/home2 - Home directories only. Configuration, code etc. Not for active data analysis. Mirror backup twice-weekly on Mon and Wed.
/project - Large space, high-performance for large files. Not for working with large numbers of small files. Archive large collections of small files (<1MB files) and avoid working on very small files (<100KB). No backup by defaullt. Incremental backup is available - PIs should email biohpc-help@utsouthwestern.edu if you would like any content on /project backed up to /project1,
/work - This is also a high-performance filesystem for users to have LIVE HOT data since our recent upgrade. When using /work, you do not need to stripe your large single files for performance as in /project. Each user has 5 TB of space. /work is mirror backup'ed once per week (Friday/Saturday, no old versions).
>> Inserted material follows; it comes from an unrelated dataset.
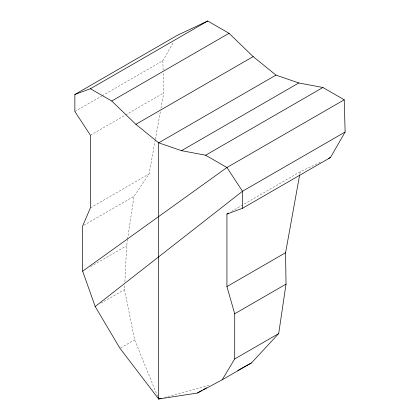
<?xml version="1.0" encoding="UTF-8"?>
<svg xmlns="http://www.w3.org/2000/svg" width="420" height="420" viewBox="0 0 420 420"><rect width="100%" height="100%" fill="white"/><g stroke="black" fill="none" stroke-linecap="round" stroke-linejoin="round"><path stroke-width="0.32" stroke-dasharray="2.1 1.58" d="M157.7 396.585L134.621 339.859L124.52 289.585L124.772 284.356M124.898 281.741L126.641 245.774L127.496 239.999M127.596 239.358L133.975 196.35L149.09 173.917L155.258 139.85M155.374 139.209L160.377 111.568M160.96 108.355L163.753 92.925L163.17 72.319M299.885 173.654L300.237 171.728L320.985 161.968M102.113 95.786L162.845 60.727L173.597 42.021M74.87 111.515L101.546 96.117M90.442 135.251L163.753 92.925M90.442 207.779L149.09 173.917M83.785 225.325L133.975 196.35M90.552 266.611L126.641 245.774M231.472 211.428L300.237 171.728M100.837 303.261L124.52 289.585M120.524 347.996L134.621 339.859M164.335 397.472L210.189 385.082M162.845 60.727L163.149 71.673"/><path stroke-width="0.63" d="M222.169 379.822L234.712 358.958L234.712 313.766L226.926 286.577L226.926 214.053L242.498 208.294L330.467 157.505L345.13 132.001L344.221 99.797L322.917 87.496L298.798 82.955L275.977 75.107L253.155 56.605L229.042 33.301L207.737 21L177.503 35.222L74.87 94.479L74.87 111.515L90.442 135.251L90.442 207.779L82.656 225.976L82.656 271.168L95.193 306.516L119.957 348.322L158.681 399L197.41 393.041L222.169 379.822L251.496 362.896L278.696 333.564L286.025 284.141L285.574 252.719L299.654 174.941M95.193 306.516L242.498 191.252L345.13 132.001M82.656 271.168L226.926 167.517L344.221 99.797M74.87 94.479L90.442 88.72L207.737 21M90.442 88.72L111.746 101.02L229.042 33.301M111.746 101.02L135.859 124.325L253.155 56.605M275.977 75.107L158.681 142.826L158.681 399L161.196 398.323M135.859 124.325L158.681 142.826L181.503 150.675L298.798 82.955M181.503 150.675L205.622 155.216L322.917 87.496M226.926 214.053L228.632 213.066M226.926 286.577L285.574 252.719M234.712 313.766L286.025 284.141M234.712 358.958L278.696 333.564M197.41 393.041L201.92 390.437M203.049 389.786L206.43 387.828M237.783 370.435L251.496 362.896M328.687 158.34L330.467 157.505M205.622 155.216L226.926 167.517L242.498 191.252L242.498 208.294M158.193 397.793L158.681 399"/></g></svg>

/archive - This is a place for users to store COLD data. Each lab has 5TB of space by default. Quota can be increased upon approval. Accounting usage will be 2/3 of actual usage. /archive file system has similar directory tree setup as /project.
Overall, Single thread writing to /work or /archive can be up to 2.3 GB/s, slightly faster than /project, metadata query is slightly slower. For most applications, you will not feel the performance difference among /work, /archive and /project.
** For applications which need to read large files from multiple threads concurrently (eg. sequencing applications reading large reference database), /work or /archive are optimal choices than /project since the IO throughput are passed from more arrays of disks.
/home2 - 50GB per user
/project - 5TB+ for the lab as agreed with PI/department chair (default 5TB for each new lab)
/work - 5TB per user (but not for long term storage)
/archive - 5TB+ for the lab as agreed with PI/department chair (default 5TB for each new lab)
Quota stats show soft and hard limits. You need to keep within the soft limit. The hard limit only exists to give a margin of safety so that jobs generating more data than expected do not fail.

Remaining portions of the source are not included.